9 points by noob_eng on April 8, 2023 | hide | past | favorite | 15 comments
I was going through Prof Stephen Boyd's video lecture series on Convex Optimisation on youtube. I realised that it is basically what we call machine learning, popularly, with proper grounding in theory. Most machine learning courses do hand wavy explanations of the methods and teach step by step algorithms to work on data even in top schools. Why not teach proper theory based teaching like Boyd does? It will prevent practitioners from applying wrong methods to unsuitable datasets and arrive at false conclusions.

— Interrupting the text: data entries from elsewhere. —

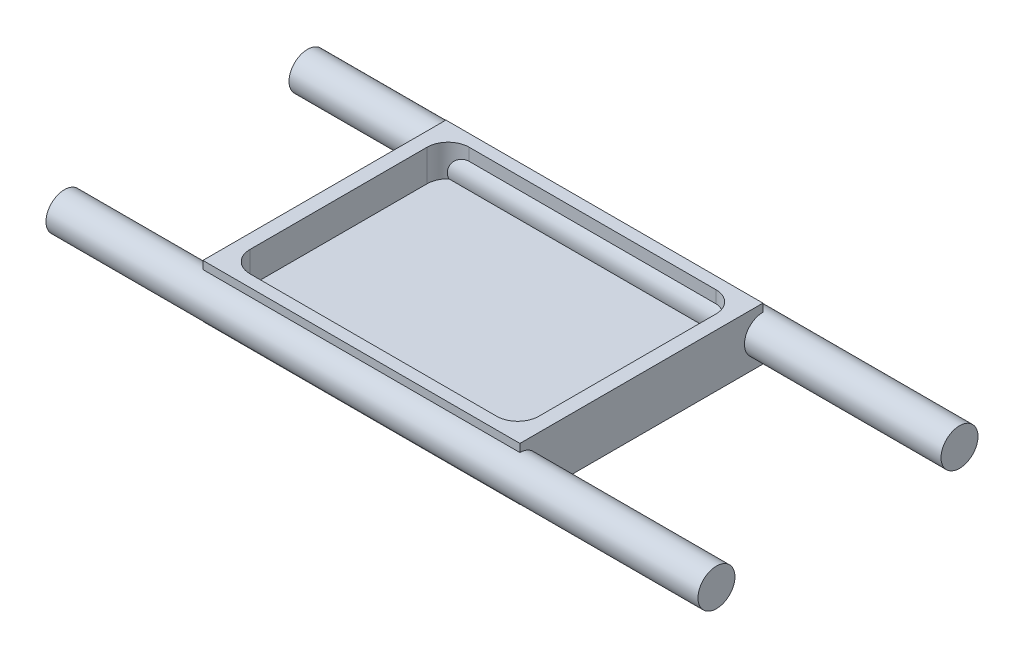
ISO-10303-21;
HEADER;
FILE_DESCRIPTION(('STEP AP214'),'2;1');
FILE_NAME('part.step','',(''),(''),'','','');
FILE_SCHEMA(('AUTOMOTIVE_DESIGN { 1 0 10303 214 1 1 1 1 }'));
ENDSEC;
DATA;
#1=APPLICATION_CONTEXT('core data for automotive mechanical design processes');
#2=APPLICATION_PROTOCOL_DEFINITION('international standard','automotive_design',2000,#1);
#3=PRODUCT_CONTEXT('',#1,'mechanical');
#4=PRODUCT('Part','Part','',(#3));
#5=PRODUCT_RELATED_PRODUCT_CATEGORY('part','',(#4));
#6=PRODUCT_DEFINITION_FORMATION('','',#4);
#7=PRODUCT_DEFINITION_CONTEXT('part definition',#1,'design');
#8=PRODUCT_DEFINITION('design','',#6,#7);
#9=PRODUCT_DEFINITION_SHAPE('','',#8);
#10=(LENGTH_UNIT() NAMED_UNIT(*) SI_UNIT(.MILLI.,.METRE.));
#11=(NAMED_UNIT(*) PLANE_ANGLE_UNIT() SI_UNIT($,.RADIAN.));
#12=(NAMED_UNIT(*) SI_UNIT($,.STERADIAN.) SOLID_ANGLE_UNIT());
#13=UNCERTAINTY_MEASURE_WITH_UNIT(LENGTH_MEASURE(1.E-05),#10,'distance_accuracy_value','');
#14=(GEOMETRIC_REPRESENTATION_CONTEXT(3) GLOBAL_UNCERTAINTY_ASSIGNED_CONTEXT((#13)) GLOBAL_UNIT_ASSIGNED_CONTEXT((#10,
#11,#12)) REPRESENTATION_CONTEXT('',''));
#15=CARTESIAN_POINT('',(0.,0.,0.));
#16=DIRECTION('',(0.,0.,1.));
#17=DIRECTION('',(1.,0.,0.));
#18=AXIS2_PLACEMENT_3D('',#15,#16,#17);
#19=CARTESIAN_POINT('',(116.702187757243,20.,83.7471960657648));
#20=DIRECTION('',(0.,1.,0.));
#21=DIRECTION('',(0.,0.,1.));
#22=AXIS2_PLACEMENT_3D('',#19,#20,#21);
#23=PLANE('',#22);
#24=CARTESIAN_POINT('',(-116.702187757243,20.,83.7471960657648));
#25=DIRECTION('',(0.,1.,0.));
#26=DIRECTION('',(0.,0.,1.));
#27=AXIS2_PLACEMENT_3D('',#24,#25,#26);
#28=CIRCLE('',#27,20.);
#29=CARTESIAN_POINT('',(-136.702187757243,20.,83.7471960657646));
#30=VERTEX_POINT('',#29);
#31=CARTESIAN_POINT('',(-130.495778932662,20.,98.2294901687516));
#32=VERTEX_POINT('',#31);
#33=EDGE_CURVE('E289',#30,#32,#28,.T.);
#34=ORIENTED_EDGE('',*,*,#33,.T.);
#35=DIRECTION('',(-1.,0.,0.));
#36=VECTOR('',#35,1.);
#37=CARTESIAN_POINT('',(336.,20.,98.2294901687515));
#38=LINE('',#37,#36);
#39=CARTESIAN_POINT('',(130.495778932662,20.,98.2294901687515));
#40=VERTEX_POINT('',#39);
#41=EDGE_CURVE('E198',#32,#40,#38,.F.);
#42=ORIENTED_EDGE('',*,*,#41,.T.);
#43=CARTESIAN_POINT('',(116.702187757243,20.,83.7471960657648));
#44=DIRECTION('',(0.,1.,0.));
#45=DIRECTION('',(0.,0.,1.));
#46=AXIS2_PLACEMENT_3D('',#43,#44,#45);
#47=CIRCLE('',#46,20.);
#48=CARTESIAN_POINT('',(136.702187757243,20.,83.7471960657646));
#49=VERTEX_POINT('',#48);
#50=EDGE_CURVE('E333',#40,#49,#47,.T.);
#51=ORIENTED_EDGE('',*,*,#50,.T.);
#52=DIRECTION('',(0.,0.,-1.));
#53=VECTOR('',#52,1.);
#54=CARTESIAN_POINT('',(136.702187757243,20.,-83.7471960657646));
#55=LINE('',#54,#53);
#56=CARTESIAN_POINT('',(136.702187757243,20.,-83.7471960657646));
#57=VERTEX_POINT('',#56);
#58=EDGE_CURVE('E409',#49,#57,#55,.T.);
#59=ORIENTED_EDGE('',*,*,#58,.T.);
#60=CARTESIAN_POINT('',(116.702187757243,20.,-83.7471960657648));
#61=DIRECTION('',(0.,1.,0.));
#62=DIRECTION('',(0.,0.,-1.));
#63=AXIS2_PLACEMENT_3D('',#60,#61,#62);
#64=CIRCLE('',#63,20.);
#65=CARTESIAN_POINT('',(130.495778932662,20.,-98.2294901687516));
#66=VERTEX_POINT('',#65);
#67=EDGE_CURVE('E402',#57,#66,#64,.T.);
#68=ORIENTED_EDGE('',*,*,#67,.T.);
#69=DIRECTION('',(-1.,0.,0.));
#70=VECTOR('',#69,1.);
#71=CARTESIAN_POINT('',(336.,20.,-98.2294901687517));
#72=LINE('',#71,#70);
#73=CARTESIAN_POINT('',(-130.495778932662,20.,-98.2294901687516));
#74=VERTEX_POINT('',#73);
#75=EDGE_CURVE('E54',#66,#74,#72,.T.);
#76=ORIENTED_EDGE('',*,*,#75,.T.);
#77=CARTESIAN_POINT('',(-116.702187757243,20.,-83.7471960657648));
#78=DIRECTION('',(0.,1.,0.));
#79=DIRECTION('',(0.,0.,1.));
#80=AXIS2_PLACEMENT_3D('',#77,#78,#79);
#81=CIRCLE('',#80,20.);
#82=CARTESIAN_POINT('',(-136.702187757243,20.,-83.7471960657646));
#83=VERTEX_POINT('',#82);
#84=EDGE_CURVE('E300',#74,#83,#81,.T.);
#85=ORIENTED_EDGE('',*,*,#84,.T.);
#86=DIRECTION('',(0.,0.,1.));
#87=VECTOR('',#86,1.);
#88=CARTESIAN_POINT('',(-136.702187757243,20.,-83.7471960657646));
#89=LINE('',#88,#87);
#90=EDGE_CURVE('E291',#83,#30,#89,.T.);
#91=ORIENTED_EDGE('',*,*,#90,.T.);
#92=EDGE_LOOP('',(#34,#42,#51,#59,#68,#76,#85,#91));
#93=FACE_BOUND('',#92,.T.);
#94=ADVANCED_FACE('F39',(#93),#23,.T.);
#95=CARTESIAN_POINT('',(150.,50.,115.));
#96=DIRECTION('',(0.,0.,-1.));
#97=DIRECTION('',(-1.,0.,0.));
#98=AXIS2_PLACEMENT_3D('',#95,#96,#97);
#99=PLANE('',#98);
#100=DIRECTION('',(-1.,0.,0.));
#101=VECTOR('',#100,1.);
#102=CARTESIAN_POINT('',(336.,7.5,115.));
#103=LINE('',#102,#101);
#104=CARTESIAN_POINT('',(-150.,7.49999999999999,115.));
#105=VERTEX_POINT('',#104);
#106=CARTESIAN_POINT('',(150.,7.5,115.));
#107=VERTEX_POINT('',#106);
#108=EDGE_CURVE('E61',#105,#107,#103,.F.);
#109=ORIENTED_EDGE('',*,*,#108,.F.);
#110=DIRECTION('',(0.,-1.,0.));
#111=VECTOR('',#110,1.);
#112=CARTESIAN_POINT('',(-150.,50.,115.));
#113=LINE('',#112,#111);
#114=CARTESIAN_POINT('',(-150.,0.,115.));
#115=VERTEX_POINT('',#114);
#116=EDGE_CURVE('E392',#105,#115,#113,.T.);
#117=ORIENTED_EDGE('',*,*,#116,.T.);
#118=DIRECTION('',(1.,0.,0.));
#119=VECTOR('',#118,1.);
#120=CARTESIAN_POINT('',(150.,0.,115.));
#121=LINE('',#120,#119);
#122=CARTESIAN_POINT('',(150.,0.,115.));
#123=VERTEX_POINT('',#122);
#124=EDGE_CURVE('E368',#115,#123,#121,.T.);
#125=ORIENTED_EDGE('',*,*,#124,.T.);
#126=DIRECTION('',(0.,-1.,0.));
#127=VECTOR('',#126,1.);
#128=CARTESIAN_POINT('',(150.,50.,115.));
#129=LINE('',#128,#127);
#130=EDGE_CURVE('E388',#107,#123,#129,.T.);
#131=ORIENTED_EDGE('',*,*,#130,.F.);
#132=EDGE_LOOP('',(#109,#117,#125,#131));
#133=FACE_BOUND('',#132,.T.);
#134=ADVANCED_FACE('F283',(#133),#99,.F.);
#135=DIRECTION('',(-1.,0.,0.));
#136=VECTOR('',#135,1.);
#137=CARTESIAN_POINT('',(336.,42.5,115.));
#138=LINE('',#137,#136);
#139=CARTESIAN_POINT('',(150.,42.5,115.));
#140=VERTEX_POINT('',#139);
#141=CARTESIAN_POINT('',(-150.,42.5,115.));
#142=VERTEX_POINT('',#141);
#143=EDGE_CURVE('E207',#140,#142,#138,.T.);
#144=ORIENTED_EDGE('',*,*,#143,.F.);
#145=CARTESIAN_POINT('',(150.,50.,115.));
#146=VERTEX_POINT('',#145);
#147=EDGE_CURVE('E389',#146,#140,#129,.T.);
#148=ORIENTED_EDGE('',*,*,#147,.F.);
#149=DIRECTION('',(1.,0.,0.));
#150=VECTOR('',#149,1.);
#151=CARTESIAN_POINT('',(150.,50.,115.));
#152=LINE('',#151,#150);
#153=CARTESIAN_POINT('',(-150.,50.,115.));
#154=VERTEX_POINT('',#153);
#155=EDGE_CURVE('E354',#154,#146,#152,.T.);
#156=ORIENTED_EDGE('',*,*,#155,.F.);
#157=EDGE_CURVE('E393',#154,#142,#113,.T.);
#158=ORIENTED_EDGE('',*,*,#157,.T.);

My pleb take is modern machine learning is just glorified complexity theory. Really all you are doing is solving hard problems in learning models by designing a continuous process, deterministic or randomized, showing it has desired properties of arriving at some optimal solution or probability distribution and then deriving a discrete algorithm that runs in polynomial-time because math optimization problems in general are NP-hard.

Now we have non-convex neural network models which require non-convex optimization which to me (again a pleb take) is just tricks of the trade from complexity theorists adapting the principles of convex optimization to things like gradient descent in deep learning by observing continuous local smoothness of the training objective at the stability edge thus some convex optimization can be used.

Why it's not taught instead of the confusing intro courses I'm sure have their reasons but it's another example of following what the universities teach in undergrad is not always the best road map for self-learners.


Where to learn these, if not taught at universities? Books?


Yes. It's optimisation and statistics. I wish to goodness AI had been called something like applied statistical heuristics or complex statistical problem solving.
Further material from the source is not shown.